“This might be the way my life ends.”
That was the thought Scott Smith couldn’t shake after a third tree fell through his roof in the early morning hours of Sept. 27.
Smith — who has served for the past 45 years as a Baptist campus minister, the last 40 of those at Lander University in Greenwood, South Carolina — had gone into his basement after learning from a weather report that Hurricane Helene was headed for his area.
A few hours later, the trees started falling.
“I said, ‘OK, God, if You’re going to take me, please make it quick,’” Smith said. “‘I know where I’m going, I’m confident of that, but please don’t make it painful.’”
Finally, the rain stopped
A fourth tree fell on his house, and then a fifth. Somewhere in the midst of that, he texted his two adult children to let them know where to find him if they needed to dig him out. And then finally, the rain stopped.
“I went upstairs, and I heard a knock on the door, and it was my son — he had walked to my house,” Smith said. “I fell into his arms, and I just cried.”
Help showed up
As the sun came up, help started showing up too. Some of his Baptist Campus Ministries alumni from over the years came and spent 12 hours lifting the trees off his house. Some current students came to help clean up the yard.
And teams from South Carolina Baptist Disaster Relief came to help his neighbors too.
Tony Wolfe, executive director-treasurer for the South Carolina Baptist Convention, said about 1,000 trained and credentialed disaster relief volunteers from the state have been out serving local communities, plus other untrained volunteers who have found ways to help their neighbors and get involved.
“This may be the biggest disaster at least in terms of wind damage that our state has ever known,” Wolfe said.
On the day the hurricane hit, nearly half of South Carolina residents lost power, and many still wait for power to be restored.

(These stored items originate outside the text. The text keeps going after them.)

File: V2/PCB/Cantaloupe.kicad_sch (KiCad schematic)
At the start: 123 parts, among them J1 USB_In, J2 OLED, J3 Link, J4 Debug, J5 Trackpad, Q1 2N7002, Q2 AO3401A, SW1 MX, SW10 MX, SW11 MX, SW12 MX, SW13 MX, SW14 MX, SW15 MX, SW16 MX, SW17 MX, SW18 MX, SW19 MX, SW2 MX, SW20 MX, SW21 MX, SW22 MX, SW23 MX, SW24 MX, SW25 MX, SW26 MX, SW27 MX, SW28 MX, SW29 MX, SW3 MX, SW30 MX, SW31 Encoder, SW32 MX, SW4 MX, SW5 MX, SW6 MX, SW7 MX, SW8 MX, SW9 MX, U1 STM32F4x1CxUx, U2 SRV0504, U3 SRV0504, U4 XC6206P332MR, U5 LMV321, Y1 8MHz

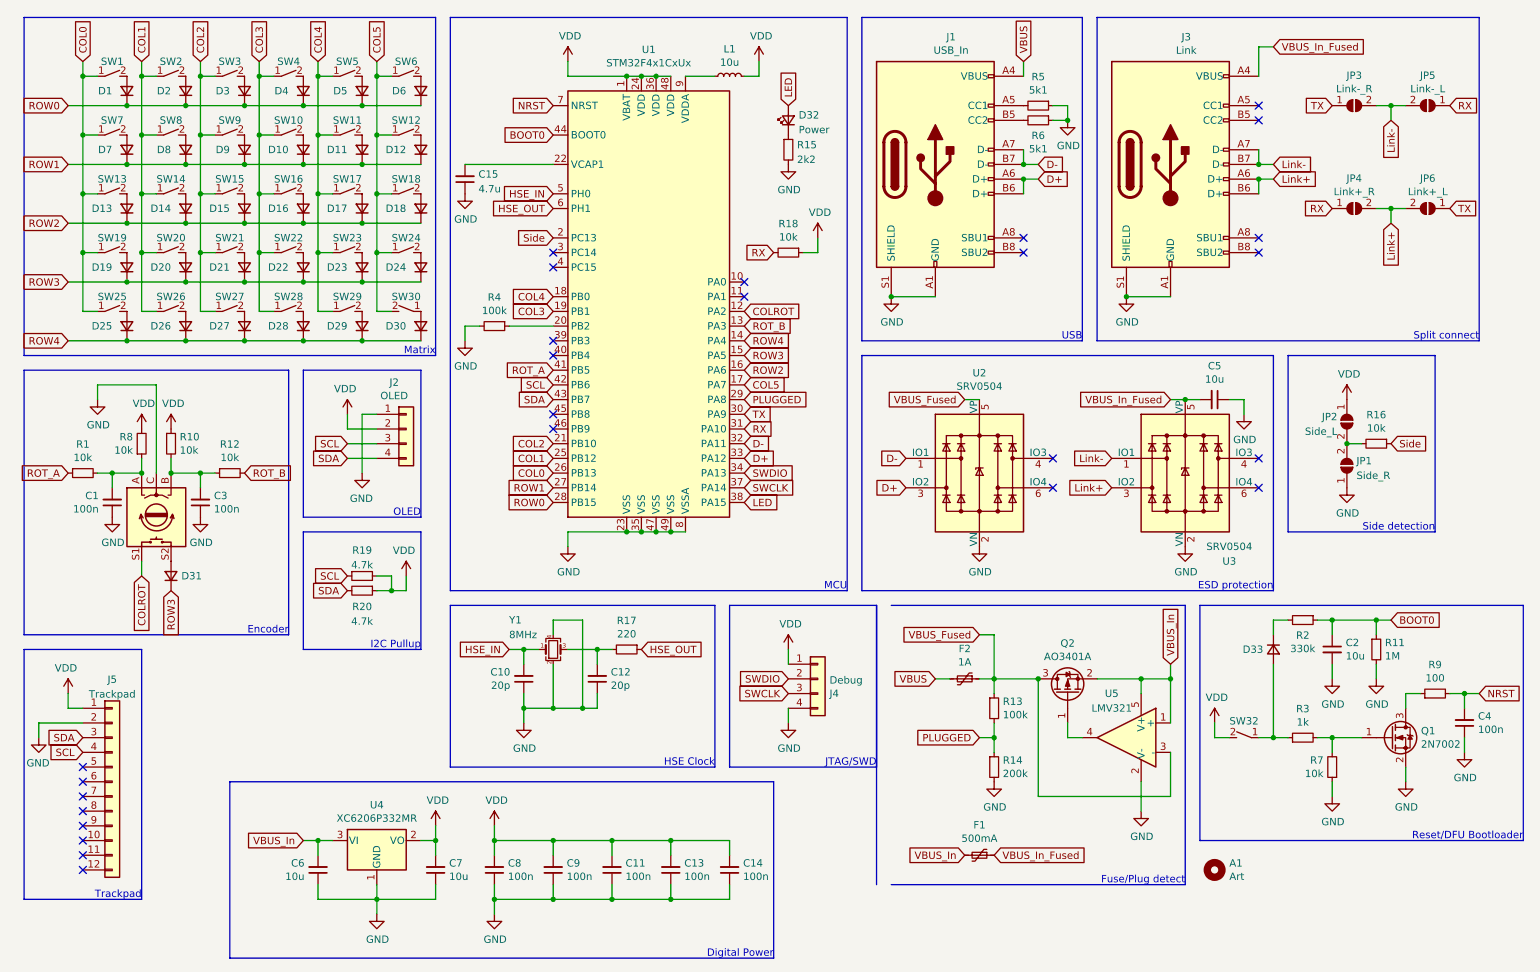
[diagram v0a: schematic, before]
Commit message: Revert "Tentative V2.1 update"
This reverts commit 42b4223a0f1e602d13e2d92696f419f95c71691f.
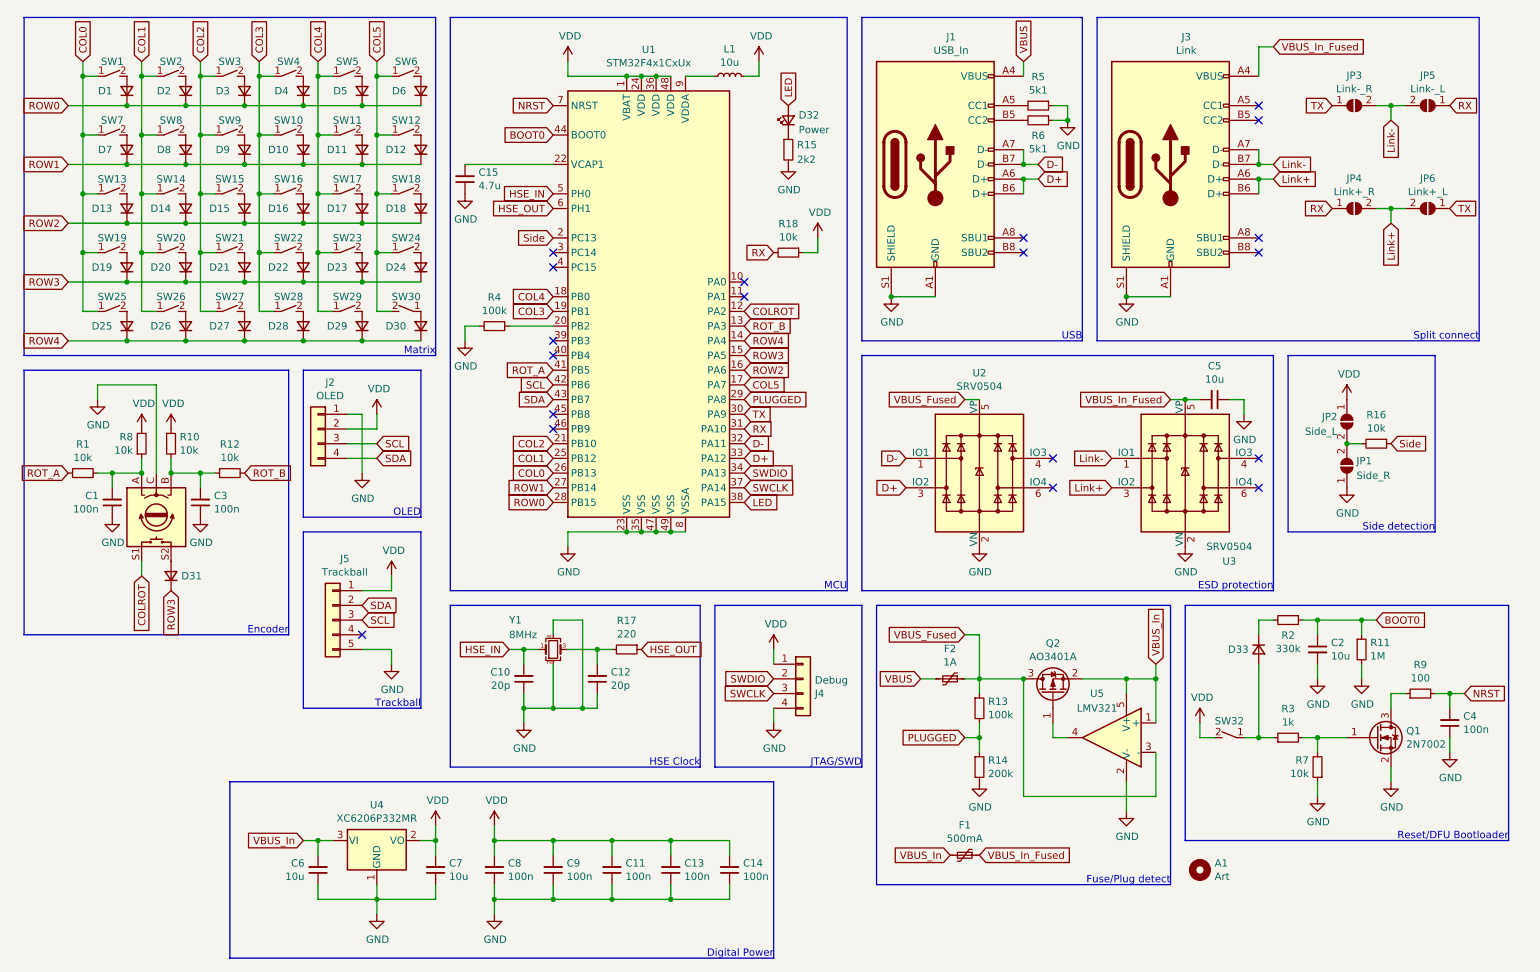
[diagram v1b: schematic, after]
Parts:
- removed J5: Trackpad, Ariamelon:FPC-SMD_FPC05012-09200-.5mm-rev, symbol Connector_Generic:Conn_01x12
- removed R19, R20: 4.7k, Resistor_SMD:R_0603_1608Metric, symbol Device:R_Small
- added J5: Trackball, Ariamelon:pimoroni_trackball_flippable, symbol Connector_Generic:Conn_01x05
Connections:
- net GND: now also J5.5 (Pin_5)
- net SCL: now also J5.3 (Pin_3)
- net SDA: now also J5.2 (Pin_2)
- net VDD: now also J5.1 (Pin_1)
- no-connect marks 26 -> 19
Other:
- note added: "Trackball"
- note removed: "I2C Pullup"
- note removed: "Trackpad"
- moved on the sheet: A1, C2, C4, D33, F1, F2, J2, J4, Q1, Q2, R11, R13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

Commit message: Tentative V2.1 update
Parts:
- removed J5: Trackball, Ariamelon:pimoroni_trackball_flippable, symbol Connector_Generic:Conn_01x05
- added J5: Trackpad, Ariamelon:FPC-SMD_FPC05012-09200-.5mm-rev, symbol Connector_Generic:Conn_01x12
- added R19, R20: 4.7k, Resistor_SMD:R_0603_1608Metric, symbol Device:R_Small
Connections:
- net GND: now also J5.2 (Pin_2)
- net SCL: now also J5.4 (Pin_4), R19.1
- net SDA: now also J5.3 (Pin_3), R20.2
- net VDD: now also J5.1 (Pin_1), R19.2, R20.1
- no-connect marks 19 -> 26
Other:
- note added: "I2C Pullup"
- note added: "Trackpad"
- note removed: "Trackball"
- moved on the sheet: A1, C2, C4, D33, F1, F2, J2, J4, Q1, Q2, R11, R13

And that’s only part of the havoc Helene has wreaked — the storm barreled through Florida, Georgia and South Carolina before hanging over North Carolina and Tennessee and causing unprecedented flooding.
The death toll is rising — more than 175 in the U.S., with at least 36 of those in South Carolina.
And thousands of people across the five states are trying to deal with the lack of power, clean up roads and houses and get food to eat.
Southern Baptist Disaster Relief teams from all over are helping with that, including teams from Alabama, which are running operations an hour south of Greenwood in Clearwater, South Carolina.
“Alabama is kind of leading the way here in South Carolina,” Wolfe said, noting that the teams were working to feed the surrounding county as well as help with removing fallen trees.
Financial need
Alabama Baptists have also sent a financial gift to help South Carolina Baptists meet the vast needs in their state.
“We do have a financial need — the devastation is great,” Wolfe said. “We also need more teams to come. There’s months and months’ worth of work for chainsaw units, and that’s all over the state.”
He asked for prayer for endurance for those who are working and “for God to open the hearts of people in our neighborhoods who need to hear and respond to the gospel favorably.”